-- Material to process follows --
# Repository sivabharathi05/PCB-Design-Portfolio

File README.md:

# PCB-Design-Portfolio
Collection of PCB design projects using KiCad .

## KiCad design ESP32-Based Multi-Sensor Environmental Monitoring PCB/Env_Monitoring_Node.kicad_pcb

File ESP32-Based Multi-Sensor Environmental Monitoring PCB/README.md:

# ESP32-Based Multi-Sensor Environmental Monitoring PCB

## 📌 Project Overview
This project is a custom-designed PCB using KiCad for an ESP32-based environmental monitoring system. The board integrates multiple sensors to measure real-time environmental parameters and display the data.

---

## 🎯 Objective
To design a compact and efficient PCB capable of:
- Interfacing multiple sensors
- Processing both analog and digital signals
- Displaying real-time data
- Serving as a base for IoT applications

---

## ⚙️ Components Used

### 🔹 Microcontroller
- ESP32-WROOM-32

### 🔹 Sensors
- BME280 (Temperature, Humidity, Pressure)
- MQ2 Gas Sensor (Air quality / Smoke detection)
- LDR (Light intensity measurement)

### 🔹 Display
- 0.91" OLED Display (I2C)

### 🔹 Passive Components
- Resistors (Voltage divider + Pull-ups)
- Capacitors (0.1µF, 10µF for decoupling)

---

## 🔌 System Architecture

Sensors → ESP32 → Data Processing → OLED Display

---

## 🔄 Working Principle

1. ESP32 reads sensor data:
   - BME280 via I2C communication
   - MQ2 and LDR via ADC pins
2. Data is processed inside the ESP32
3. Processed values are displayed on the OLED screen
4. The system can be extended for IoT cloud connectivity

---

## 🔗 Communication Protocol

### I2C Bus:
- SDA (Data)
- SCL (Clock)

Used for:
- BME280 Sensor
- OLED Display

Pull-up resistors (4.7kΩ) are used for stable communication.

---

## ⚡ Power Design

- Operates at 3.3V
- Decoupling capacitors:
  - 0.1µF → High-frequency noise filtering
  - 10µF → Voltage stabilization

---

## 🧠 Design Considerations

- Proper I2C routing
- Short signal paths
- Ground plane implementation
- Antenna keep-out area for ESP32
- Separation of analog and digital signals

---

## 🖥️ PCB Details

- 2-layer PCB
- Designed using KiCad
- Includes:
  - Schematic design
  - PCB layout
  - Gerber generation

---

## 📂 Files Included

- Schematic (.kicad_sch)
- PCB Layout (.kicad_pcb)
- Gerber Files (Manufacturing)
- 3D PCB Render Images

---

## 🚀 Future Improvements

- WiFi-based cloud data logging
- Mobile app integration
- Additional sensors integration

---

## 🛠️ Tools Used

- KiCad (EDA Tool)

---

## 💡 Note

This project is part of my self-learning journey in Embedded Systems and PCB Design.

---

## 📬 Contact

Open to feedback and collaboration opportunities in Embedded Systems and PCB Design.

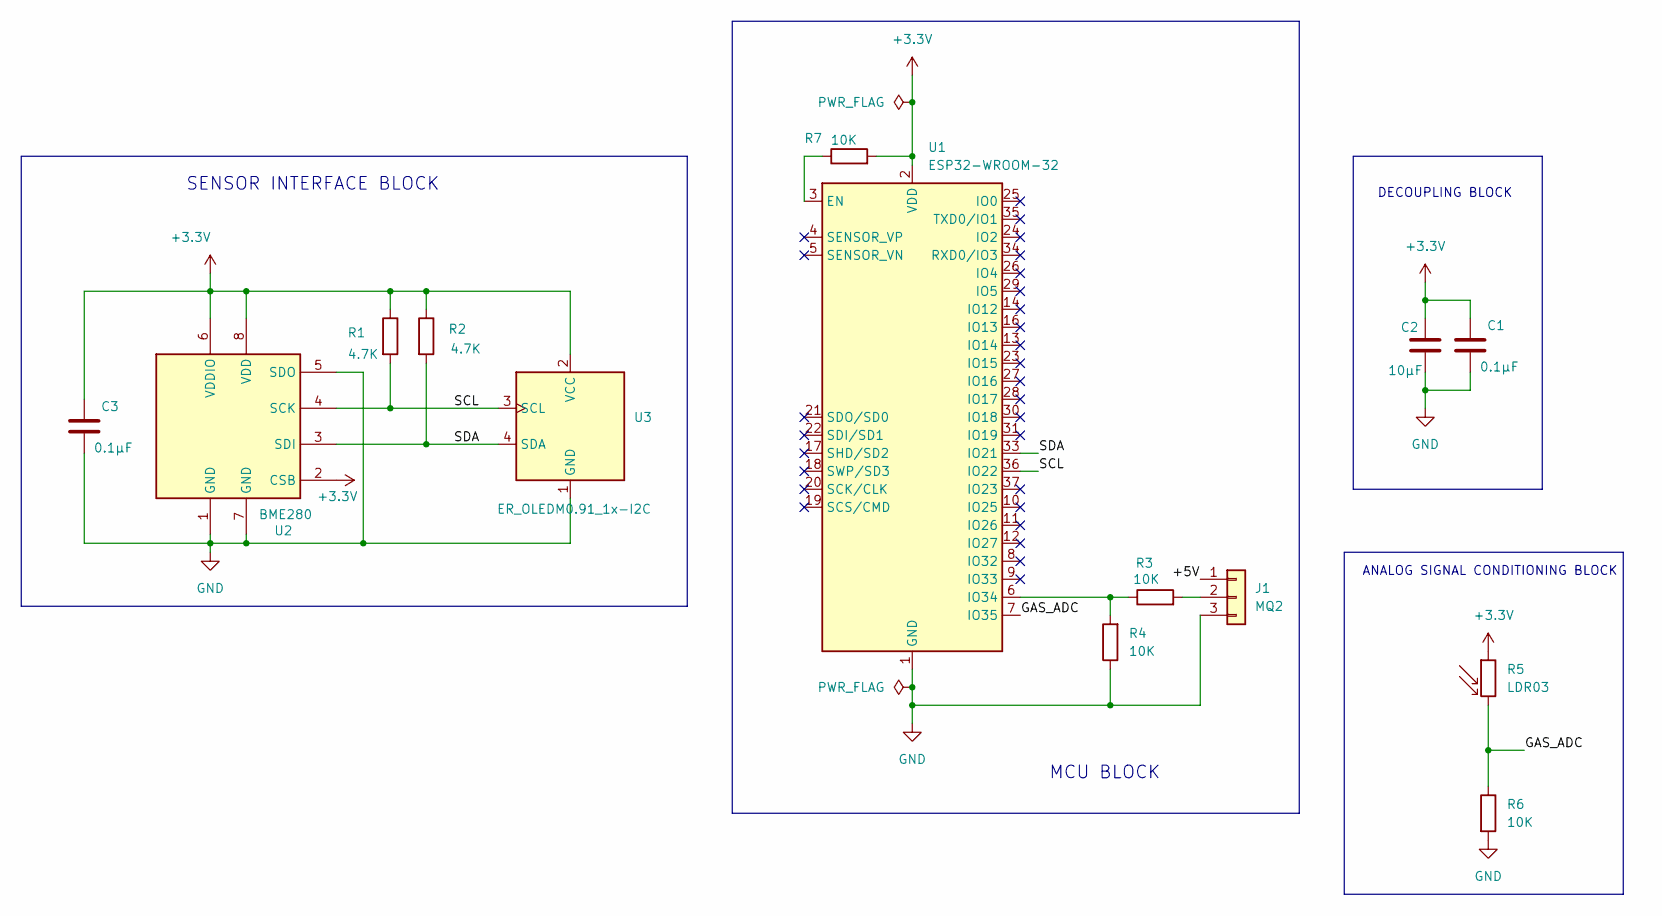
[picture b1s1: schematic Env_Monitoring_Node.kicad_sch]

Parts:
C1, C3: 0.1µF; C_0805_2012Metric
C2: 10µF; C_0805_2012Metric
J1: MQ2; PinHeader_1x03_P2.54mm_Vertical
R1, R2: 4.7K; R_0805_2012Metric
R3, R4, R6, R7: 10K; R_0805_2012Metric
R5: LDR03; R_LDR_10x8.5mm_P7.6mm_Vertical
U1: ESP32-WROOM-32
U2: BME280; Bosch_LGA-8_2.5x2.5mm_P0.65mm_ClockwisePinNumbering
U3: ER_OLEDM0.91_1x-I2C

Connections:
+3.3V: C1.1, C2.1, C3.1, R1.1, R2.1, R5.1, R7.2, U1.2 (VDD), U2.2 (CSB), U2.6 (VDDIO), U2.8 (VDD), U3.2 (VCC)
/+5V: J1.1
/GAS_ADC: R5.2, R6.1, U1.7 (IO35)
/SCL: R1.2, U1.36 (IO22), U2.4 (SCK), U3.3 (SCL)
/SDA: R2.2, U1.33 (IO21), U2.3 (SDI), U3.4 (SDA)
GND: C1.2, C2.2, C3.2, J1.3, R4.1, R6.2, U1.1 (GND), U1.15 (GND), U1.38 (GND), U1.39 (GND), U2.1 (GND), U2.5 (SDO), U2.7 (GND), U3.1 (GND)
unnamed: J1.2, R3.2
unnamed: R7.1, U1.3 (EN)
unnamed: R3.1, R4.2, U1.6 (IO34)

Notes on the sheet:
ANALOG SIGNAL CONDITIONING BLOCK
SENSOR INTERFACE BLOCK
DECOUPLING BLOCK
MCU BLOCK

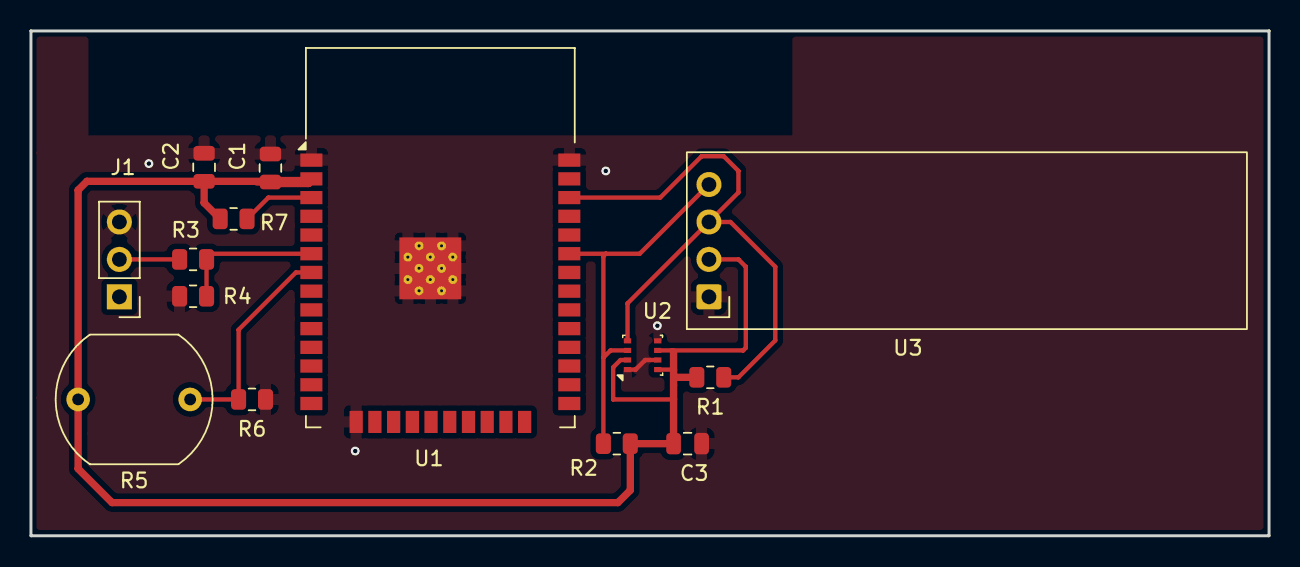
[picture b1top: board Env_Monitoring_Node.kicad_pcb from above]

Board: 2 copper layers, 84.0 x 34.2 mm, 14 parts (0 on the bottom side), 8 nets.

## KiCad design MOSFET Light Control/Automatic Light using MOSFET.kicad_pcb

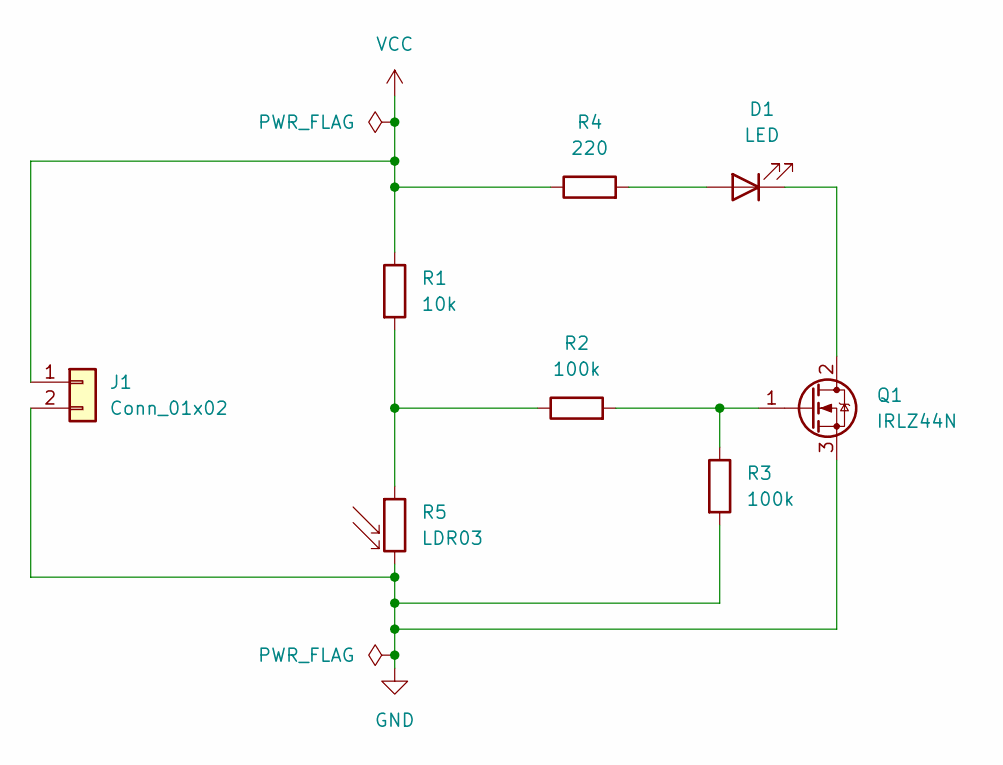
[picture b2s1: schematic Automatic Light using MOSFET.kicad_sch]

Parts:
D1: LED; LED_D5.0mm
J1: Conn_01x02; TerminalBlock_MaiXu_MX126-5.0-02P_1x02_P5.00mm
Q1: IRLZ44N; TO-220-3_Vertical
R1: 10k; R_Axial_DIN0207_L6.3mm_D2.5mm_P7.62mm_Horizontal
R2, R3: 100k; R_Axial_DIN0207_L6.3mm_D2.5mm_P7.62mm_Horizontal
R4: 220; R_Axial_DIN0207_L6.3mm_D2.5mm_P7.62mm_Horizontal
R5: LDR03; R_LDR_5.0x4.1mm_P3mm_Vertical

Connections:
GND: J1.2, Q1.3 (S), R3.2, R5.2
unnamed: D1.2 (A), R4.2
unnamed: D1.1 (K), Q1.2 (D)
unnamed: Q1.1 (G), R2.2, R3.1
unnamed: R1.2, R2.1, R5.1
VCC: J1.1, R1.1, R4.1

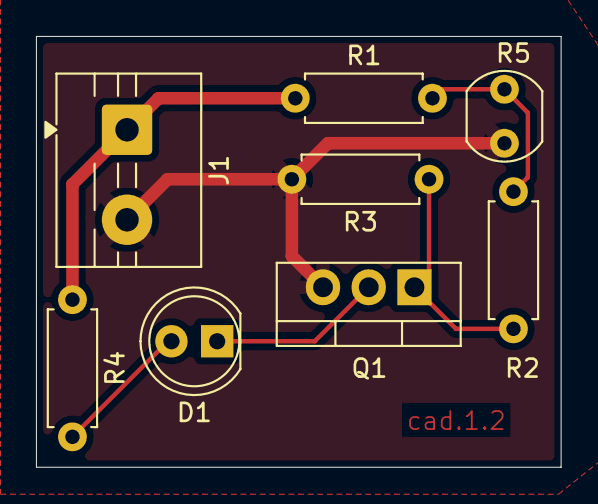
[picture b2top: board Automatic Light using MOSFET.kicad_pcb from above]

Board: 2 copper layers, 29.1 x 23.9 mm, 8 parts (0 on the bottom side), 6 nets.

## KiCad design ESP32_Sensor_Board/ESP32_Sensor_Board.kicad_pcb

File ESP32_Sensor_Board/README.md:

# ESP32-Based Multi-Sensor Environmental Monitoring PCB

## 📌 Project Overview
This project is a custom-designed PCB using KiCad for an ESP32-based environmental monitoring system. The board integrates multiple sensors to measure real-time environmental parameters and display the data.

## 🎯 Objective
To design a compact and efficient PCB capable of:
- Interfacing multiple sensors
- Processing both analog and digital signals
- Displaying real-time data
- Serving as a base for IoT applications

## ⚙️ Components Used

### 🔹 Microcontroller
- ESP32-WROOM-32

### 🔹 Sensors
- BME280 (Temperature, Humidity, Pressure)
- MQ2 Gas Sensor (Air quality / Smoke detection)
- LDR (Light intensity measurement)

### 🔹 Display
- 0.91" OLED Display (I2C)

### 🔹 Passive Components
- Resistors (Voltage divider + Pull-ups)
- Capacitors (0.1µF, 10µF for decoupling)

## 🔌 System Architecture

Sensors → ESP32 → Data Processing → OLED Display

## 🔄 Working Principle

1. ESP32 reads sensor data:
   - BME280 via I2C communication
   - MQ2 and LDR via ADC pins
2. Data is processed inside the ESP32
3. Processed values are displayed on the OLED screen
4. The system can be extended for IoT cloud connectivity

## 🔗 Communication Protocol

### I2C Bus:
- SDA (Data)
- SCL (Clock)

Used for:
- BME280 Sensor
- OLED Display

Pull-up resistors (4.7kΩ) are used for stable communication.

## ⚡ Power Design

- Operates at 3.3V
- Decoupling capacitors:
  - 0.1µF → High-frequency noise filtering
  - 10µF → Voltage stabilization

## 🧠 Design Considerations

- Proper I2C routing
- Short signal paths
- Ground plane implementation
- Antenna keep-out area for ESP32
- Separation of analog and digital signals

## 🖥️ PCB Details

- 2-layer PCB
- Designed using KiCad
- Includes:
  - Schematic design
  - PCB layout
  - Gerber generation

## 📂 Files Included

- Schematic (.kicad_sch)
- PCB Layout (.kicad_pcb)
- Gerber Files (Manufacturing)
- 3D PCB Render Images

## 🚀 Future Improvements

- WiFi-based cloud data logging
- Mobile app integration
- Additional sensors integration

## 🛠️ Tools Used

- KiCad (EDA Tool)

## 💡 Note

This project is part of my self-learning journey in Embedded Systems and PCB Design.

## 📬 Contact

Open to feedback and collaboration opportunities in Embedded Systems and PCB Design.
-- Material to process concluded --
* What this task involves
The reply should be nothing but the number of lines in the listing above that include "MOSFET".

* Exercise response
3